Linear models of our two algorithms. The equations of the four models (dashed lines) are: \(y=0.33x+17.05\) (A1 with \(PF=1\), shown in Fig. 4a) with \(R^2 = 0.54\), \(y=0.66x-0.39\) (A1 with \(PF=0\), shown in Fig. 4b) with \(R^2 = 0.62\), \(y=0.66x+4.84\) (A1 with \(PF=0.5\), shown in Fig. 4c) with \(R^2 = 0.56\), \(y=0.76x+2.35\) (A2, shown in Fig. 4d) with \(R^2 = 0.56\). For reference, we display a \(y=x\) solid line in every plot.

5 Conclusion and Future Work

In this work, we developed and implemented a series of tools that aim to automatize the administration and evaluation of cognitive tests. These tasks are typically carried out by a human psychologist and a psychologist. However, we demonstrated that the human operator can be reliably supported by an HRI system (a Pepper Robot, in our application). Indeed, our results suggest that there is a strong correlation between our automatic evaluation methods and that of a human psychologist. In particular, our implementation of algorithms to automatically score the Rey-Osterrieth Complex Figure showed a high correlation with scores assigned by a psychologist. In future work, we plan to improve these algorithms by collecting more data, which would allow us to fine-tune the automatic evaluations, and refine the recognition of finer details.
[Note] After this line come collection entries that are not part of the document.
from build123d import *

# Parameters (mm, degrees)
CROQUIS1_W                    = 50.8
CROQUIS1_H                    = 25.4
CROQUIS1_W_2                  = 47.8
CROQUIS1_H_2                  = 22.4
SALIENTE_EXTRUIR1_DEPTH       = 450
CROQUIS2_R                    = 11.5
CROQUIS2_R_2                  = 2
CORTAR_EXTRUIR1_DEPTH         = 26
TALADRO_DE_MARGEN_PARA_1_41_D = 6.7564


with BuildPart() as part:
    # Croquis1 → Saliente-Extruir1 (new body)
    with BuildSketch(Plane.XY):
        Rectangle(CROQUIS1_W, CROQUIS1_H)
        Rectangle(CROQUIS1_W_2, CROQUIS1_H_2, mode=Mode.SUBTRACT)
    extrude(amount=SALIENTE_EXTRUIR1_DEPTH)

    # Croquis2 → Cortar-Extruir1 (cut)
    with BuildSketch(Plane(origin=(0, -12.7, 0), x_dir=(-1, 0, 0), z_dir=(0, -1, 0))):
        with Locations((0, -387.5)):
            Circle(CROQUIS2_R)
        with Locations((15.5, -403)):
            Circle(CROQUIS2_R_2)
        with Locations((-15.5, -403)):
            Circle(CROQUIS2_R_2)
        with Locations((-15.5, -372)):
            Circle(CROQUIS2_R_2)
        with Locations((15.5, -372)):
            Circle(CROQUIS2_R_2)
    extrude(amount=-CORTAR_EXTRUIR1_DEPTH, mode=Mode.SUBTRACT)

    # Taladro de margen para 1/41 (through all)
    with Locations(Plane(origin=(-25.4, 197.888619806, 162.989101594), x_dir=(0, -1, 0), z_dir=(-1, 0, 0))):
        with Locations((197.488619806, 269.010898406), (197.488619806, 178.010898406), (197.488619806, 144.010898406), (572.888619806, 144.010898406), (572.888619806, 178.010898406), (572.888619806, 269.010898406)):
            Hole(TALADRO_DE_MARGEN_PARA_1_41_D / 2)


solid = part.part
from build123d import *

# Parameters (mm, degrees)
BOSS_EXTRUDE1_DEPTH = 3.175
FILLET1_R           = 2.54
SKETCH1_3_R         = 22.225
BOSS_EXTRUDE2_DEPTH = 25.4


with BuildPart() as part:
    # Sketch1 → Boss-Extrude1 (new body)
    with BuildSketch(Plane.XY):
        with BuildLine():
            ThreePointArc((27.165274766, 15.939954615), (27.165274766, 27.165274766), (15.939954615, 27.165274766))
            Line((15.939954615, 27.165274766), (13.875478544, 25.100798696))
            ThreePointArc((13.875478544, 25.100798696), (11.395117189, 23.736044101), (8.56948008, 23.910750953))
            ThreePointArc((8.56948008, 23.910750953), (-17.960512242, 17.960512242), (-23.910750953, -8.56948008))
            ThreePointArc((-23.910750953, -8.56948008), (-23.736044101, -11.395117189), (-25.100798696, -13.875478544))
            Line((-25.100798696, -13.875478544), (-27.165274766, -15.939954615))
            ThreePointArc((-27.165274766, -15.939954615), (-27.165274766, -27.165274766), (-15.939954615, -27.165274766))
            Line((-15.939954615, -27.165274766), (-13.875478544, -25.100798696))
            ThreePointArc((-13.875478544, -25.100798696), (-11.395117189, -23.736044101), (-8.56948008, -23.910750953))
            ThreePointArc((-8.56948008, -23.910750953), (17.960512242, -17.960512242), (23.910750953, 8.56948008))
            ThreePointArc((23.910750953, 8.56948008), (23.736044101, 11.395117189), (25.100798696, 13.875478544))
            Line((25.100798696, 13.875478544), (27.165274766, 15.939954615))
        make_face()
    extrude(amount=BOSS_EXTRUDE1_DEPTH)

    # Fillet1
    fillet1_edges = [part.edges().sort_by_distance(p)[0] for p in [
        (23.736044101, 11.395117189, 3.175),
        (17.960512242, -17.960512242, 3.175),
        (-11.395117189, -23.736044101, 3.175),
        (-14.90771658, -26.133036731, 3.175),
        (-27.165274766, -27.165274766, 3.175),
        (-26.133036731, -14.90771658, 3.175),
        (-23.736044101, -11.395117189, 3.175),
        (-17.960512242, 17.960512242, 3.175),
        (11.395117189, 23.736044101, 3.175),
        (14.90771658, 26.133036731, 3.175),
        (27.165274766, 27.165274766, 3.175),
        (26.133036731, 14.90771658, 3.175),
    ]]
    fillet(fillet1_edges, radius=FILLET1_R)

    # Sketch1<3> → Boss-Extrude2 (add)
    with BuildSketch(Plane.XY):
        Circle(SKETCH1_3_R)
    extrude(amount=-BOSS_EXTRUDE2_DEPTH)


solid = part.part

It is worth noting here that participants in our pilot study are healthy young adults (aged 23–38). This constitutes a limitation of our work, as older/cognitively impaired individuals may reproduce highly distorted ROCF figures that may be harder for our algorithms to correctly evaluate. As previously noted, another source of image distortion may be due to user-independent factors such as non-uniform lighting conditions, partially acquired images, misaligned camera, etc. We did not observe such limit conditions here, as a human operator always made sure the environmental conditions were fit. We plan to further investigate these possible limitations in future work.

Another objective for future work is to contribute an open dataset for the evaluation of the ROCF. We believe a standard set of figures captured from Pepper’s camera would greatly help comparing different algorithms for the evaluation of ROCF, and would be beneficial for Social Assistive Sobotics studies that aim to automatize similar tasks.

These findings may prove useful for further development of similar fully autonomous agents for the administration of tests, to be employed e.g. in healthcare services and interactive cognitive training. Our tools may also turn useful to standardize the evaluation of tests, as they are independent of external factors that may affect a human operator, such as personality and subjective marking criteria.